The write path strims input, strips the optional "[...]", validates
the mode against resctrl_kcfg.kmode, and resolves the optional
":group=" suffix via the new helper rdtgroup_by_kmode_path(). An
omitted suffix or an INHERIT-mode write binds to the default group.
On success, rdtgroup_config_kmode_clear() tears down the previous
binding and rdtgroup_config_kmode() programs the new one before
resctrl_kcfg.k_rdtgrp and resctrl_kcfg.kmode_cur are updated under
rdtgroup_mutex.

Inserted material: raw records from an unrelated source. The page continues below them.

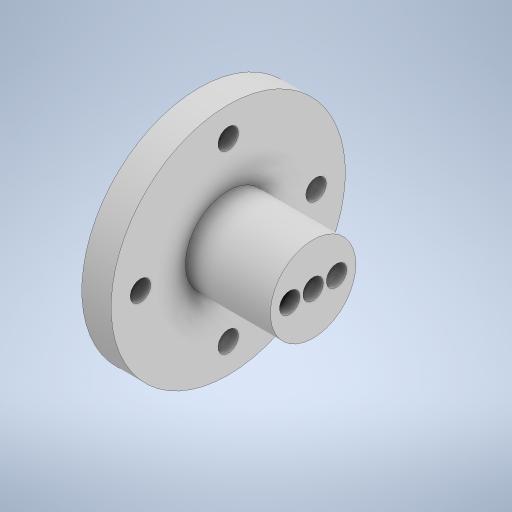
# Autodesk Inventor part: EaglePowerCycDriveAdaptor
Saved by Autodesk Inventor 2023 (Build 270158000, 158)
## iProperties
Created: 2023-03-29
Part Number: EaglePowerCycDriveAdaptor
Material: Generic
Document SubType Name: Sheet Metal
Designer: Charles Kelly
Density: 1 g/cm^3
Sheet Metal Rule: Default_mm
Appearance: Default
Author: Charles Kelly
Autodesk Inventor part; units mm, degrees
ref_plane "YZ Plane" through (0, 0, 0) normal (1, 0, 0) x (0, 1, 0)
ref_plane "XZ Plane" through (0, 0, 0) normal (0, 1, 0) x (-1, 0, 0)
ref_plane "XY Plane" through (0, 0, 0) normal (0, 0, 1) x (1, 0, 0)
sketch "Sketch1" plane through (0, 0, 0) normal (1, 0, 0) x (0, 1, 0)
  circle A0 centre (0, 0) radius 15
  circle A1 centre (15, 0) radius 1.75
  circle A2 centre (0, 15) radius 1.75
  circle A3 centre (-15, 0) radius 1.75
  circle A4 centre (0, -15) radius 1.75
  circle A5 centre (0, 0) radius 1.75
  circle A6 centre (0, 0) radius 20
  dimension "d0" = 30
  dimension "d1" = 3.5
  dimension "d4" = 360
  dimension "d6" = 3.5
  dimension "d7" = 40
  constraints: 6 centre point, 3 coincident, 1 horizontal alignment, 11 other
  measures "d1" diameter of A1
  measures "d6" diameter of A5
  measures "d7" diameter of A6
extrude "Extrusion1" add sketch "Sketch1" along normal blind 5 contours A1 A0 A4 A3 A2 | A6
sketch "Sketch5" plane through (5, 0, 0) normal (1, 0, 0) x (0, 0, -1)
  circle A0 centre (0, 0) radius 1.75 projected
  circle A1 centre (0, 0) radius 4
  circle A2 centre (4, 0) radius 1.75
  circle A3 centre (-4, 0) radius 1.75
  circle A4 centre (0, 0) radius 7.3
  dimension "d38" = 8
  dimension "d39" = 3.5
  dimension "d42" = 360
  dimension "d44" = 14.6
  constraints: 3 centre point, 2 coincident, 1 horizontal alignment, 7 other
  measures "d39" diameter of A2
  measures "d44" diameter of A4
extrude "Extrusion5" add sketch "Sketch5" along normal blind 14.5 contours A2 A1 A3 | A4
equation "\"BendRadius\" = Thickness"
equation "\"BendReliefWidth\" = Thickness"
equation "\"BendReliefDepth\" = 0.5 * Thickness"
equation "\"CornerReliefSize\" = 4 * Thickness"
equation "\"MinimumRemnant\" = 2 * Thickness"
equation "\"TransitionRadius\" = BendRadius"
equation "\"JacobiRadiusSize\" = BendRadius"
equation "\"GapSize\" = Thickness"
equation "\"Thickness\" = 0.5"
body "Solid1"
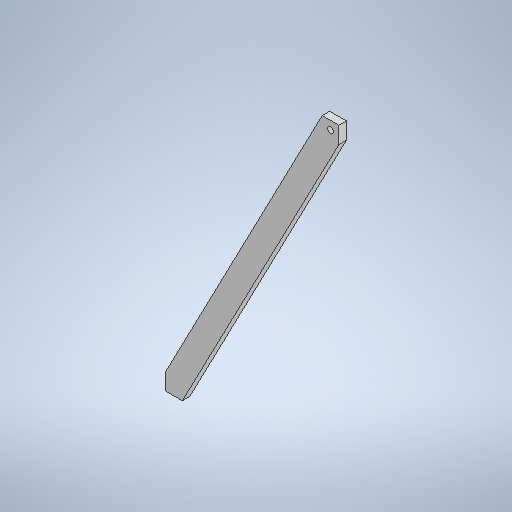
# Autodesk Inventor part: Support - Left
Saved by Autodesk Inventor 2025.2 (Build 292293000, 293)
## iProperties
Created: 2025-02-17
Part Number: Support - Left
Material: Generic
Document SubType Name: Modeling
Designer: baolo
Density: 1 g/cm^3
Appearance: Default
Author: baolo
Autodesk Inventor part; units mm, degrees
ref_plane "YZ Plane" through (0, 0, 0) normal (1, 0, 0) x (0, 1, 0)
ref_plane "XZ Plane" through (0, 0, 0) normal (0, 1, 0) x (-1, 0, 0)
ref_plane "XY Plane" through (0, 0, 0) normal (0, 0, 1) x (1, 0, 0)
sketch "Sketch1" plane through (0, 0, 0) normal (0, 0, 1) x (1, 0, 0)
  line L0 (0, 22.2362) -> (22.2362, 22.2362) construction
  line L1 (22.2362, 22.2362) -> (22.2362, 0) construction
  line L2 (22.2362, 0) -> (0, 0)
  line L3 (0, 0) -> (0, 22.2362)
  line L4 (0, 22.2362) -> (22.2362, 0) construction
  line L5 (22.2362, 22.2362) -> (0, 0) construction
  line L6 (208.1103, 421.1181) -> (230.3465, 421.1181)
  line L7 (230.3465, 421.1181) -> (230.3465, 398.8819)
  line L8 (230.3465, 398.8819) -> (208.1103, 398.8819) construction
  line L9 (208.1103, 398.8819) -> (208.1103, 421.1181) construction
  line L10 (208.1103, 421.1181) -> (230.3465, 398.8819) construction
  line L11 (230.3465, 421.1181) -> (208.1103, 398.8819) construction
  line L12 (208.1103, 421.1181) -> (0, 22.2362)
  line L13 (230.3465, 398.8819) -> (22.2362, 0)
  line L14 (0, 0) -> (230.3465, 421.1181) construction
  line L15 (-46.0693, 0) -> (276.4159, 0) construction
  point P0 (11.1181, 11.1181)
  point P1 (219.2284, 410)
  point P2 (115.1733, 210.5591)
  dimension "d1" = 480
  dimension "d14" = 410
  dimension "d15" = 30
  constraints: 30 end point, 5 midpoint, 4 parallel, 3 equal length, 2 horizontal, 2 perpendicular, 1 coincident
  measures "d1" distance of L2.end L6.end
  measures "d14" distance from line of L15 point (219.228, 410)
  measures "d15" distance between parallel lines of L13 L12
extrude "Extrusion1" add sketch "Sketch1" along normal mid plane 10
sketch "Sketch2" plane through (0, 0, 5) normal (0, 0, 1) x (1, 0, 0)
  line L0 (230.3465, 421.1181) -> (208.1103, 421.1181) construction
  line L1 (230.3465, 398.8819) -> (230.3465, 421.1181) construction
  line L2 (208.1103, 421.1181) -> (230.3465, 398.8819) construction
  point P0 (0, 0)
  point P1 (219.2284, 410)
  constraints: 2 end point, 1 midpoint
hole "Hole1" at (219.2284, 410, 5) direction (0, 0, -1) diameter 8 end through all
body "Solid1"
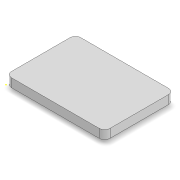
# Autodesk Inventor part: Gyro_box_Top
Saved by Autodesk Inventor 2020 (Build 240168000, 168)
## iProperties
Created: 2019-08-08
Part Number: Gyro_box_Top
Material: Generic
Document SubType Name: Modeling
Designer: chitl
Density: 1 g/cm^3
Appearance: Default
Author: chitl
Autodesk Inventor part; units mm, degrees
ref_plane "YZ Plane" through (0, 0, 0) normal (1, 0, 0) x (0, 1, 0)
ref_plane "XZ Plane" through (0, 0, 0) normal (0, 1, 0) x (-1, 0, 0)
ref_plane "XY Plane" through (0, 0, 0) normal (0, 0, 1) x (1, 0, 0)
sketch "Sketch1" plane through (0, 0, 0) normal (0, 1, 0) x (-1, 0, 0)
  line L0 (0, 0) -> (-56.9976, 0)
  line L1 (-56.9976, 0) -> (-56.9976, -40.1066)
  line L2 (-56.9976, -40.1066) -> (0, -40.1066)
  line L3 (0, -40.1066) -> (0, 0)
  dimension "d0" = 40.1066
  dimension "d1" = 56.9976
  constraints: 8 end point, 2 parallel, 1 horizontal, 1 perpendicular
  measures "d0" distance of L2.end L0.start
  measures "d1" distance between parallel lines of L1 L3
extrude "Extrusion1" add sketch "Sketch1" along normal blind 5
fillet "Fillet1" radius 3.175 2 edges at (0, 2.5, 0) (0, 2.5, -40.1066)
fillet "Fillet2" radius 3.175 2 edges at (56.9976, 2.5, 0) (56.9976, 2.5, -40.1066)
sketch "Sketch2" plane through (0, 0, 0) normal (0, -1, 0) x (1, 0, 0)
  point P0 (0, 0)
sketch "Sketch3" plane through (0, 0, 0) normal (0, -1, 0) x (1, 0, 0)
  arc A0 (53.8226, -40.1066) -> (56.9976, -36.9316) centre (53.8226, -36.9316) ccw projected
  line L0 (56.9976, -3.175) -> (56.9976, -36.9316) projected
  arc A1 (56.9976, -3.175) -> (53.8226, 0) centre (53.8226, -3.175) ccw projected
  line L1 (3.175, 0) -> (53.8226, 0) projected
  arc A2 (3.175, 0) -> (0, -3.175) centre (3.175, -3.175) ccw projected
  line L2 (0, -36.9316) -> (0, -3.175) projected
  arc A3 (0, -36.9316) -> (3.175, -40.1066) centre (3.175, -36.9316) ccw projected
  line L3 (53.8226, -40.1066) -> (3.175, -40.1066) projected
  arc A4 (53.8734, -3.175) -> (53.8226, -3.1242) centre (53.8226, -3.175) ccw
  line L4 (53.8734, -3.175) -> (53.8734, -36.9316)
  arc A5 (53.8226, -36.9824) -> (53.8734, -36.9316) centre (53.8226, -36.9316) ccw
  line L5 (53.8226, -36.9824) -> (3.175, -36.9824)
  arc A6 (3.1242, -36.9316) -> (3.175, -36.9824) centre (3.175, -36.9316) ccw
  line L6 (3.1242, -36.9316) -> (3.1242, -3.175)
  arc A7 (3.175, -3.1242) -> (3.1242, -3.175) centre (3.175, -3.175) ccw
  line L7 (3.175, -3.1242) -> (53.8226, -3.1242)
  point P0 (0, 0)
  dimension "d6" = 3.1242
  constraints: 8 end point, 8 point on circle, 4 centre point, 7 other
  measures "d6" distance between parallel lines of L1 L7
extrude "Extrusion2" add sketch "Sketch3" along normal blind 2 contours L4 A5 L5 A6 L6 A7 L7 A4
body "Solid1"
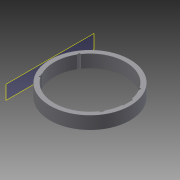
# Autodesk Inventor part: frame
Saved by Autodesk Inventor 2014 (Build 180170000, 170)
## iProperties
Created: 2013-05-24
Part Number: frame
Material: Generisch
Document SubType Name: Modeling
Designer: hartmann
Density: 1 g/cm^3
Appearance: Vorgabe
Author: hartmann
Autodesk Inventor part; units mm, degrees
ref_plane "YZ Plane" through (0, 0, 0) normal (1, 0, 0) x (0, 1, 0)
ref_plane "XZ Plane" through (0, 0, 0) normal (0, 1, 0) x (-1, 0, 0)
ref_plane "Arbeitsebene1" through (32.6, -4.2, 17.5) normal (0, 0, 1) x (1, 0, 0)
sketch "Skizze1" plane through (0, 0, 0) normal (0, 0, 1) x (1, 0, 0)
  circle A0 centre (0, 0) radius 49
  circle A1 centre (0, 0) radius 55
  circle A2 centre (-17, -10) radius 1.45 projected
  circle A3 centre (37.5, 15.5) radius 1.45 projected
  line L0 (-37.9, -24) -> (-42.5, -24) projected
  line L1 (-42.5, -24) -> (-42.5, -28) projected
  line L2 (-42.5, -28) -> (-7.5, -28) projected
  line L3 (-7.5, -28) -> (-7.5, -17.2) projected
  line L4 (-7.5, -17.2) -> (7.5, -17.2) projected
  line L5 (7.5, -17.2) -> (7.5, -28) projected
  line L6 (7.5, -28) -> (42.5, -28) projected
  line L7 (42.5, -28) -> (42.5, -26.8) projected
  line L8 (42.5, -26.8) -> (22.5, -26.8) projected
  line L9 (22.5, -26.8) -> (22.5, -10.8) projected
  line L10 (22.5, -10.8) -> (42.5, -10.8) projected
  line L11 (42.5, -10.8) -> (42.5, -4.2) projected
  line L12 (42.5, -4.2) -> (32.6, -4.2) projected
  line L13 (32.6, -4.2) -> (32.6, 9) projected
  line L14 (32.6, 9) -> (42.5, 9) projected
  line L15 (42.5, 9) -> (42.5, 28) projected
  line L16 (42.5, 28) -> (28, 28) projected
  line L17 (28, 28) -> (28, 16.5) projected
  line L18 (28, 16.5) -> (16, 16.5) projected
  line L19 (16, 16.5) -> (16, 28) projected
  line L20 (16, 28) -> (-42.5, 28) projected
  line L21 (-42.5, 28) -> (-42.5, -16.5) projected
  line L22 (-42.5, -16.5) -> (-37.9, -16.5) projected
  line L23 (-37.9, -16.5) -> (-37.9, -24) projected
  line L24 (-8.8, 27) -> (-8.8, 22) projected
  line L25 (-8.8, 22) -> (-41.5, 22) projected
  line L26 (-41.5, 22) -> (-41.5, 27) projected
  line L27 (-41.5, 27) -> (-8.8, 27) projected
  line L28 (-1.5, 15.5) -> (-1.5, 25.5) projected
  line L29 (-1.5, 25.5) -> (8.5, 25.5) projected
  line L30 (8.5, 25.5) -> (8.5, 15.5) projected
  line L31 (8.5, 15.5) -> (-1.5, 15.5) projected
  line L32 (43.5, -10.8) -> (22.5, -10.8) projected
  line L33 (22.5, -10.8) -> (22.5, -26.8) projected
  line L34 (22.5, -26.8) -> (43.5, -26.8) projected
  line L35 (43.5, -26.8) -> (43.5, -10.8) projected
  line L36 (32.6, -4.2) -> (50, -4.2) projected
  line L37 (50, -4.2) -> (50, 9) projected
  line L38 (50, 9) -> (32.6, 9) projected
  line L39 (32.6, 9) -> (32.6, -4.2) projected
  line L40 (-43.5, -24) -> (-37.9, -24) projected
  line L41 (-37.9, -24) -> (-37.9, -16.5) projected
  line L42 (-37.9, -16.5) -> (-43.5, -16.5) projected
  line L43 (-43.5, -16.5) -> (-43.5, -24) projected
  line L44 (43.5, -22.5555) -> (43.5, -26.8)
  line L45 (41.0215, -26.8) -> (43.5, -26.8)
  line L46 (42.5, -26.8) -> (42.5, -28)
  line L47 (40.2119, -28) -> (42.5, -28)
  line L48 (48.8197, -4.2) -> (50, -4.2)
  line L49 (50, -4.2) -> (50, 9)
  line L50 (50, 9) -> (48.1664, 9)
  line L51 (42.5, 24.3875) -> (42.5, 28)
  line L52 (42.5, 28) -> (40.2119, 28)
  line L53 (-42.5, 24.3875) -> (-42.5, 28)
  line L54 (-42.5, 28) -> (-40.2119, 28)
  line L55 (-40.2119, -28) -> (-42.5, -28)
  line L56 (-42.5, -28) -> (-42.5, -24.3875)
  line L57 (-42.72, -24) -> (-43.5, -24)
  line L58 (-43.5, -24) -> (-43.5, -22.5555)
  dimension "d1" = 110
  dimension "d2" = 6
  constraints: 30 end point, 13 point on line, 8 collinear, 2 coincident, 1 centre point, 1 parallel, 1 perpendicular, 15 other
  measures "d1" diameter of A1
extrude "Extrusion3" add sketch "Skizze1" along normal up to surface (17.5 mm away) contours A1
ref_plane "Work Plane3" through (-55, 0, 0) normal (-1, 0, 0) x (0, -1, 0)
ref_plane "Work Plane2" through (-26.6759, -34.6142, 17.5) normal (-1, 0, 0) x (0, 0, 1)
sketch "Sketch2" plane through (-55, 0, 0) normal (-1, 0, 0) x (0, -1, 0)
  line L0 (56.7996, 2.8291) -> (24.1561, 2.8291) construction
  line L1 (24.1561, 2.8291) -> (24.1561, 14.6895) construction
  line L2 (24.1561, 14.6895) -> (56.7996, 14.6895) construction
  line L3 (56.7996, 14.6895) -> (56.7996, 2.8291) construction
  spline S0 degree 2 poles (48.5615, 10.337) (48.5615, 11.3529) (49.4424, 12.091) knots 0 0 0 1 1 1
  spline S1 degree 2 poles (49.4424, 12.091) (50.3155, 12.8291) (51.5535, 12.8291) knots 0 0 0 1 1 1
  line L4 (51.5535, 12.8291) -> (56.0615, 12.8291)
  line L5 (56.0615, 12.8291) -> (56.0615, 2.8291)
  line L6 (56.0615, 2.8291) -> (51.5535, 2.8291)
  spline S2 degree 2 poles (51.5535, 2.8291) (50.3393, 2.8291) (49.4424, 3.5751) knots 0 0 0 1 1 1
  spline S3 degree 2 poles (49.4424, 3.5751) (48.5615, 4.3132) (48.5615, 5.337) knots 0 0 0 1 1 1
  line L7 (48.5615, 5.337) -> (48.5615, 5.464)
  spline S4 degree 2 poles (48.5615, 5.464) (48.5615, 6.2656) (49.1409, 6.9164) knots 0 0 0 1 1 1
  spline S5 degree 2 poles (49.1409, 6.9164) (49.4345, 7.2497) (50.1567, 7.7101) (50.6329, 7.8291) knots 0 0 0 1 2 2 2
  spline S6 degree 2 poles (50.6329, 7.8291) (50.1409, 7.964) (49.371, 8.4481) (48.8393, 9.1069) (48.5615, 9.9005) (48.5615, 10.337) knots 0 0 0 1 2 3 4 4 4
  spline S7 degree 2 poles (50.8075, 9.3847) (50.8075, 9.1942) (50.9821, 8.8608) (51.2916, 8.6148) (51.7043, 8.4561) (51.9345, 8.4561) knots 0 0 0 1 2 3 4 4 4
  line L8 (51.9345, 8.4561) -> (54.5535, 8.4561)
  line L9 (54.5535, 8.4561) -> (54.5535, 10.337)
  line L10 (54.5535, 10.337) -> (51.9345, 10.337)
  spline S8 degree 2 poles (51.9345, 10.337) (51.7043, 10.337) (51.2916, 10.1783) (50.9821, 9.9243) (50.8075, 9.5831) (50.8075, 9.3847) knots 0 0 0 1 2 3 4 4 4
  spline S9 degree 2 poles (50.8075, 6.2735) (50.8075, 6.0831) (50.9821, 5.7418) (51.2916, 5.4799) (51.7043, 5.337) (51.9345, 5.337) knots 0 0 0 1 2 3 4 4 4
  line L11 (51.9345, 5.337) -> (54.5535, 5.337)
  line L12 (54.5535, 5.337) -> (54.5535, 7.2021)
  line L13 (54.5535, 7.2021) -> (51.9345, 7.2021)
  spline S10 degree 2 poles (51.9345, 7.2021) (51.7043, 7.2021) (51.2916, 7.0593) (50.9821, 6.8053) (50.8075, 6.472) (50.8075, 6.2735) knots 0 0 0 1 2 3 4 4 4
  spline S11 degree 2 poles (44.0615, 12.8291) (45.3155, 12.8291) (46.1805, 12.1069) knots 0 0 0 1 1 1
  spline S12 degree 2 poles (46.1805, 12.1069) (46.625, 11.7339) (47.0694, 10.8529) (47.0694, 10.337) knots 0 0 0 1 2 2 2
  line L14 (47.0694, 10.337) -> (47.0694, 2.8291)
  line L15 (47.0694, 2.8291) -> (41.0694, 2.8291)
  line L16 (41.0694, 2.8291) -> (41.0694, 5.337)
  line L17 (41.0694, 5.337) -> (45.5615, 5.337)
  line L18 (45.5615, 5.337) -> (45.5615, 7.2021)
  line L19 (45.5615, 7.2021) -> (42.5615, 7.2021)
  line L20 (42.5615, 7.2021) -> (42.5615, 8.4561)
  line L21 (42.5615, 8.4561) -> (45.5615, 8.4561)
  line L22 (45.5615, 8.4561) -> (45.5615, 9.0831)
  spline S13 degree 2 poles (45.5615, 9.0831) (45.5615, 9.3529) (45.3313, 9.8053) (44.9266, 10.1386) (44.3789, 10.337) (44.0615, 10.337) knots 0 0 0 1 2 3 4 4 4
  line L23 (44.0615, 10.337) -> (41.0694, 10.337)
  line L24 (41.0694, 10.337) -> (41.0694, 12.8291)
  line L25 (41.0694, 12.8291) -> (44.0615, 12.8291)
  spline S14 degree 2 poles (36.5694, 12.8291) (37.8234, 12.8291) (38.6885, 12.1069) knots 0 0 0 1 1 1
  spline S15 degree 2 poles (38.6885, 12.1069) (39.1329, 11.7339) (39.5774, 10.8529) (39.5774, 10.337) knots 0 0 0 1 2 2 2
  line L26 (39.5774, 10.337) -> (39.5774, 2.8291)
  line L27 (39.5774, 2.8291) -> (33.5774, 2.8291)
  line L28 (33.5774, 2.8291) -> (33.5774, 5.337)
  line L29 (33.5774, 5.337) -> (38.0694, 5.337)
  line L30 (38.0694, 5.337) -> (38.0694, 7.2021)
  line L31 (38.0694, 7.2021) -> (35.0694, 7.2021)
  line L32 (35.0694, 7.2021) -> (35.0694, 8.4561)
  line L33 (35.0694, 8.4561) -> (38.0694, 8.4561)
  line L34 (38.0694, 8.4561) -> (38.0694, 9.0831)
  spline S16 degree 2 poles (38.0694, 9.0831) (38.0694, 9.3529) (37.8393, 9.8053) (37.4345, 10.1386) (36.8869, 10.337) (36.5694, 10.337) knots 0 0 0 1 2 3 4 4 4
  line L35 (36.5694, 10.337) -> (33.5774, 10.337)
  line L36 (33.5774, 10.337) -> (33.5774, 12.8291)
  line L37 (33.5774, 12.8291) -> (36.5694, 12.8291)
  spline S17 degree 2 poles (24.5853, 5.964) (24.5853, 6.9799) (25.4662, 7.718) knots 0 0 0 1 1 1
  spline S18 degree 2 poles (25.4662, 7.718) (25.9107, 8.0831) (26.9583, 8.4561) (27.5774, 8.4561) knots 0 0 0 1 2 2 2
  line L38 (27.5774, 8.4561) -> (30.5774, 8.4561)
  line L39 (30.5774, 8.4561) -> (30.5774, 12.8291)
  line L40 (30.5774, 12.8291) -> (32.0853, 12.8291)
  line L41 (32.0853, 12.8291) -> (32.0853, 2.8291)
  line L42 (32.0853, 2.8291) -> (27.5774, 2.8291)
  spline S19 degree 2 poles (27.5774, 2.8291) (26.3631, 2.8291) (25.4662, 3.5751) knots 0 0 0 1 1 1
  spline S20 degree 2 poles (25.4662, 3.5751) (24.5853, 4.3132) (24.5853, 5.337) knots 0 0 0 1 1 1
  line L43 (24.5853, 5.337) -> (24.5853, 5.964)
  spline S21 degree 2 poles (26.8313, 6.2735) (26.8313, 6.0831) (27.0059, 5.7418) (27.3155, 5.4799) (27.7282, 5.337) (27.9583, 5.337) knots 0 0 0 1 2 3 4 4 4
  line L44 (27.9583, 5.337) -> (30.5774, 5.337)
  line L45 (30.5774, 5.337) -> (30.5774, 7.2021)
  line L46 (30.5774, 7.2021) -> (27.9583, 7.2021)
  spline S22 degree 2 poles (27.9583, 7.2021) (27.7282, 7.2021) (27.3155, 7.0593) (27.0059, 6.8053) (26.8313, 6.472) (26.8313, 6.2735) knots 0 0 0 1 2 3 4 4 4
  point P0 (0, 0)
  constraints: 2 other
emboss "Prägen1" sketch "Sketch2" operation cut depth 3 direction (-1, 0, 0) wrap yes faces at (-50.386, -22.0512, 11.6667)

Allocation failures in the helpers are propagated so
the write fails atomically.
Add struct rdtgroup fields kmode and kmode_cpu_mask to track the
per-group binding.
Signed-off-by: Babu Moger <babu.moger@xxxxxxx>
---
v3: New patch to handle the changed interface file info/kernel_mode.
---
Documentation/filesystems/resctrl.rst | 51 ++++
fs/resctrl/internal.h | 6 +
fs/resctrl/rdtgroup.c | 375 +++++++++++++++++++++++++-
3 files changed, 431 insertions(+), 1 deletion(-)
diff --git a/Documentation/filesystems/resctrl.rst b/Documentation/filesystems/resctrl.rst
index b003bed339fd..89fbf8b4fb2a 100644
--- a/Documentation/filesystems/resctrl.rst
+++ b/Documentation/filesystems/resctrl.rst
@@ -522,6 +522,57 @@ conveyed in the error returns from file operations. E.g.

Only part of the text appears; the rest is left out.